Não percebo nada disto... Nem sei em quem acreditar, pois tudo se torna absurdo.

Cheira-me a que anda muita gente de mãos dadas para cometer disparates absurdos.

Algumas certezas: morre imensa gente com fome e solidão; O. Palm foi assassinado; realmente por quem? - Um maluquinho, claro. O. Palm era um emblema num país algo simbólico de um capitalismo "humano"; as máfias italianas, ao que parece, deixaram de cometer atentados, depois de terem entregue à polícia o último (?) "capo". Estarão sossegados?... Não. Reciclaram-se e actuam "legalmente", mas só "legalmente"? A quem se aliam e quem são? Há demasiados colarinhos brancos. E quando o branco é demasia, só pode acontecer demência. Os estados estão minados, os partidos minadíssimos para quando chegarem ao poder. Há cada vez mais crianças na escola primária a tomarem medicamentos para a concentração e a "hiperactividade". Cada um de nós está minado por si próprio. A chamada comunicação social, não passa de uma trapalhada produtora e veiculadora de "mas notícias".
Só venderão o seu nauseabundo papel (pobres árovores) com base em catárse pseudo-trágica?... O riso e o sorriso não existem?
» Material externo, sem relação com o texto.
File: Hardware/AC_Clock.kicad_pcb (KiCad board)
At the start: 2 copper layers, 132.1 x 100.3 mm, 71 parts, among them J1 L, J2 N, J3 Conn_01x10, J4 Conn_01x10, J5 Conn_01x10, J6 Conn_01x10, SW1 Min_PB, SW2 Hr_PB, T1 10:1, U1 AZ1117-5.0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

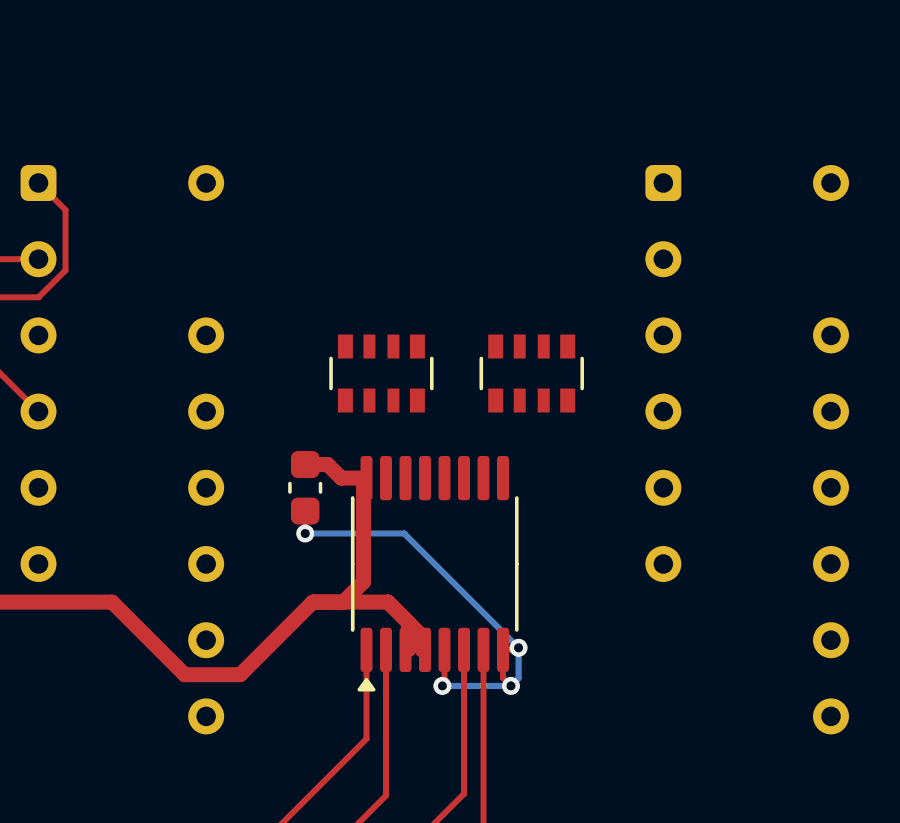
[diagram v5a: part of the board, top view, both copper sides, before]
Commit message: Wire up the 10/Minutes display
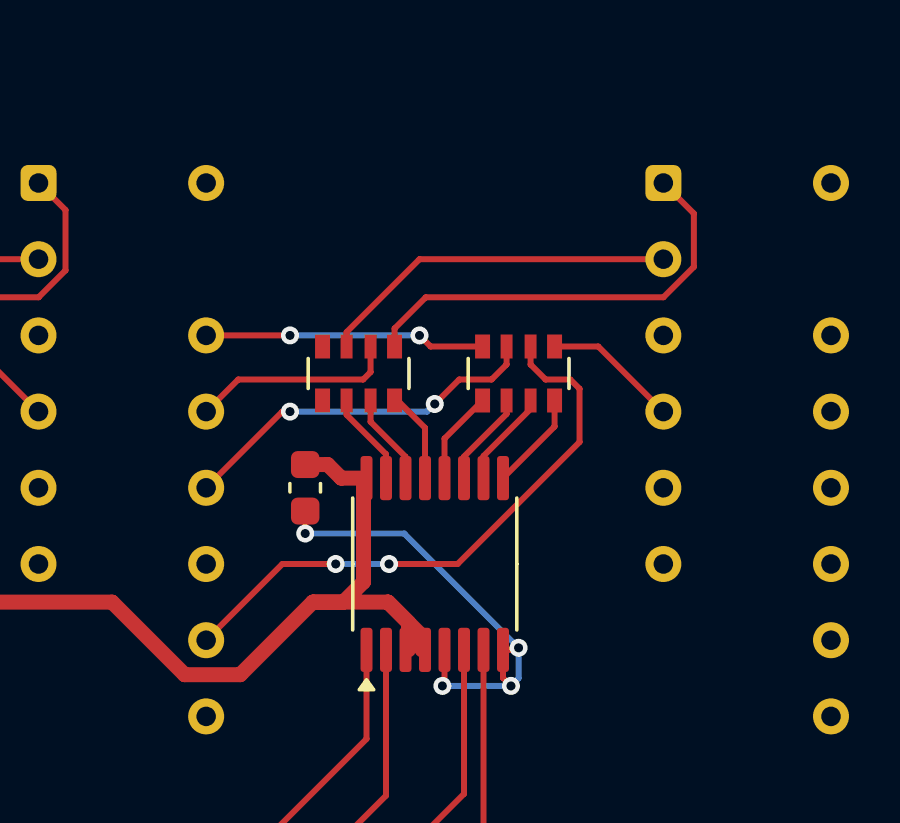
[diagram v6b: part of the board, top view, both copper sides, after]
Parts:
- moved RN3 5.77 mm to (108.2, 61.0)
- moved RN4 4.57 mm to (113.5, 61.0)
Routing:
- net Net-(RN4-R3.2): track 0.00 -> 19.5 mm, vias 0 -> 2
- net Net-(RN3D-R4.2): track 0.00 -> 14.6 mm
- net Net-(RN4-R2.2): track 0.00 -> 12.3 mm, vias 0 -> 2
- net Net-(RN3B-R2.2): track 0.00 -> 12.0 mm
- net Net-(RN4-R1.2): track 0.00 -> 9.37 mm, vias 0 -> 2
- net Net-(RN3C-R3.2): track 0.00 -> 6.88 mm
- net Net-(RN4-R4.2): track 0.00 -> 4.52 mm
- net Net-(RN4-R4.1): track 0.00 -> 3.30 mm
- net Net-(RN4-R3.1): track 0.00 -> 3.24 mm
- net Net-(RN4-R2.1): track 0.00 -> 3.18 mm
- net Net-(RN3B-R2.1): track 0.00 -> 3.13 mm
- net Net-(RN4-R1.1): track 0.00 -> 3.11 mm
- net Net-(RN3C-R3.1): track 0.00 -> 3.07 mm
- net Net-(RN3D-R4.1): track 0.00 -> 3.07 mm

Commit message: Wire up the Hours connectors
Signed-off-by: Joel Cranmer <42.joel.cranmer@gmail.com>
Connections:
- J4 pad 1: unconnected-(J4-Pin_1-Pad1) -> +5V
- J4 pad 10: unconnected-(J4-Pin_10-Pad10) -> DA_4
- J4 pad 2: unconnected-(J4-Pin_2-Pad2) -> GND
- J4 pad 3: unconnected-(J4-Pin_3-Pad3) -> DB_3
- J4 pad 4: unconnected-(J4-Pin_4-Pad4) -> DC_3
- J4 pad 5: unconnected-(J4-Pin_5-Pad5) -> DD_3
- J4 pad 6: unconnected-(J4-Pin_6-Pad6) -> DA_3
- J4 pad 7: unconnected-(J4-Pin_7-Pad7) -> DB_4
- J4 pad 8: unconnected-(J4-Pin_8-Pad8) -> DC_4
- J4 pad 9: unconnected-(J4-Pin_9-Pad9) -> DD_4
- J6 pad 1: unconnected-(J6-Pin_1-Pad1) -> +5V
- J6 pad 10: unconnected-(J6-Pin_10-Pad10) -> DA_4
- J6 pad 2: unconnected-(J6-Pin_2-Pad2) -> GND
- J6 pad 3: unconnected-(J6-Pin_3-Pad3) -> DB_3
- J6 pad 4: unconnected-(J6-Pin_4-Pad4) -> DC_3
- J6 pad 5: unconnected-(J6-Pin_5-Pad5) -> DD_3
- J6 pad 6: unconnected-(J6-Pin_6-Pad6) -> DA_3
- J6 pad 7: unconnected-(J6-Pin_7-Pad7) -> DB_4
- J6 pad 8: unconnected-(J6-Pin_8-Pad8) -> DC_4
- J6 pad 9: unconnected-(J6-Pin_9-Pad9) -> DD_4

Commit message: Fix resistor arrays for more logical layout
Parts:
- renumbered RN6 to RN5, RN5 to RN6, RN8 to RN7, RN7 to RN8
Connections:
- RN5 pad 1: Net-(RN6-R1.1) -> unconnected-(RN5A-R1.1-Pad1)
- RN5 pad 4: unconnected-(RN6-R4.1-Pad4) -> Net-(RN5D-R4.1)
- RN5 pad 5: unconnected-(RN6-R4.2-Pad5) -> Net-(RN5D-R4.2)
- RN5 pad 8: Net-(RN6-R1.2) -> unconnected-(RN5A-R1.2-Pad8)
- RN6 pad 1: Net-(RN5-R1.1) -> Net-(RN6-R1.1)
- RN6 pad 2: Net-(RN5-R2.1) -> Net-(RN6-R2.1)
- RN6 pad 3: Net-(RN5-R3.1) -> Net-(RN6-R3.1)
- RN6 pad 4: Net-(RN5-R4.1) -> Net-(RN6-R4.1)
- RN6 pad 5: Net-(RN5-R4.2) -> Net-(RN6-R4.2)
- RN6 pad 6: Net-(RN5-R3.2) -> Net-(RN6-R3.2)
- RN6 pad 7: Net-(RN5-R2.2) -> Net-(RN6-R2.2)
- RN6 pad 8: Net-(RN5-R1.2) -> Net-(RN6-R1.2)
- RN7 pad 1: Net-(RN8-R1.1) -> unconnected-(RN7A-R1.1-Pad1)
- RN7 pad 2: Net-(RN8-R2.1) -> unconnected-(RN7B-R2.1-Pad2)
- RN7 pad 4: unconnected-(RN8-R4.1-Pad4) -> Net-(RN7D-R4.1)
- RN7 pad 5: unconnected-(RN8-R4.2-Pad5) -> Net-(RN7D-R4.2)
- RN7 pad 8: Net-(RN8-R1.2) -> unconnected-(RN7A-R1.2-Pad8)
- RN8 pad 1: Net-(RN7-R1.1) -> Net-(RN8-R1.1)
- RN8 pad 2: Net-(RN7-R2.1) -> Net-(RN8-R2.1)
- RN8 pad 3: Net-(RN7-R3.1) -> Net-(RN8-R3.1)
- RN8 pad 4: Net-(RN7-R4.1) -> Net-(RN8-R4.1)
- RN8 pad 5: Net-(RN7-R4.2) -> Net-(RN8-R4.2)
- RN8 pad 6: Net-(RN7-R3.2) -> Net-(RN8-R3.2)
- RN8 pad 7: Net-(RN7-R2.2) -> Net-(RN8-R2.2)
- RN8 pad 8: Net-(RN7-R1.2) -> Net-(RN8-R1.2)
- U10 pad 10: Net-(RN5-R4.1) -> Net-(RN6-R3.1)
- U10 pad 11: Net-(RN5-R3.1) -> Net-(RN6-R2.1)
- U10 pad 12: Net-(RN5-R2.1) -> Net-(RN6-R1.1)
- U10 pad 13: Net-(RN5-R1.1) -> Net-(RN5D-R4.1)
- U10 pad 9: Net-(RN6-R1.1) -> Net-(RN6-R4.1)
- U11 pad 1: Net-(RN5-R1.2) -> Net-(RN5D-R4.2)
- U11 pad 10: Net-(RN5-R4.2) -> Net-(RN6-R3.2)
- U11 pad 12: Net-(RN5-R3.2) -> Net-(RN6-R2.2)
- U11 pad 14: Net-(RN5-R2.2) -> Net-(RN6-R1.2)
- U11 pad 4: Net-(RN6-R1.2) -> Net-(RN6-R4.2)
- U12 pad 10: Net-(RN7-R4.1) -> Net-(RN8-R3.1)
- U12 pad 11: Net-(RN7-R3.1) -> Net-(RN8-R2.1)
- U12 pad 12: Net-(RN7-R2.1) -> Net-(RN8-R1.1)
- U12 pad 13: Net-(RN7-R1.1) -> Net-(RN7D-R4.1)
- U12 pad 15: Net-(RN8-R2.1) -> unconnected-(U12-Qf-Pad15)
- U12 pad 9: Net-(RN8-R1.1) -> Net-(RN8-R4.1)
- U13 pad 1: Net-(RN7-R1.2) -> Net-(RN7D-R4.2)
- U13 pad 10: Net-(RN7-R4.2) -> Net-(RN8-R3.2)
- U13 pad 12: Net-(RN7-R3.2) -> Net-(RN8-R2.2)
- U13 pad 14: Net-(RN7-R2.2) -> Net-(RN8-R1.2)
- U13 pad 4: Net-(RN8-R1.2) -> Net-(RN8-R4.2)

Será que há uma diversão conspirativa e cínica para nos deprimir?

Aponto uma alternativa, pequena, mas que penso fundamental - publicar notícias positivas, tipo - Em Lisboa, na carruagem do metro com sentido Campo Grande-Alvalade, pelas 11 h e 15 um latino-americano, tocava e cantava com um rosto algo feliz. Já o vi mais resplandecente. Não roubava, nem pedia - prestava um serviço e algumas pessoas batiam o pé, marcando o ritmo. Eu vi, eu ouvi, eu tremi.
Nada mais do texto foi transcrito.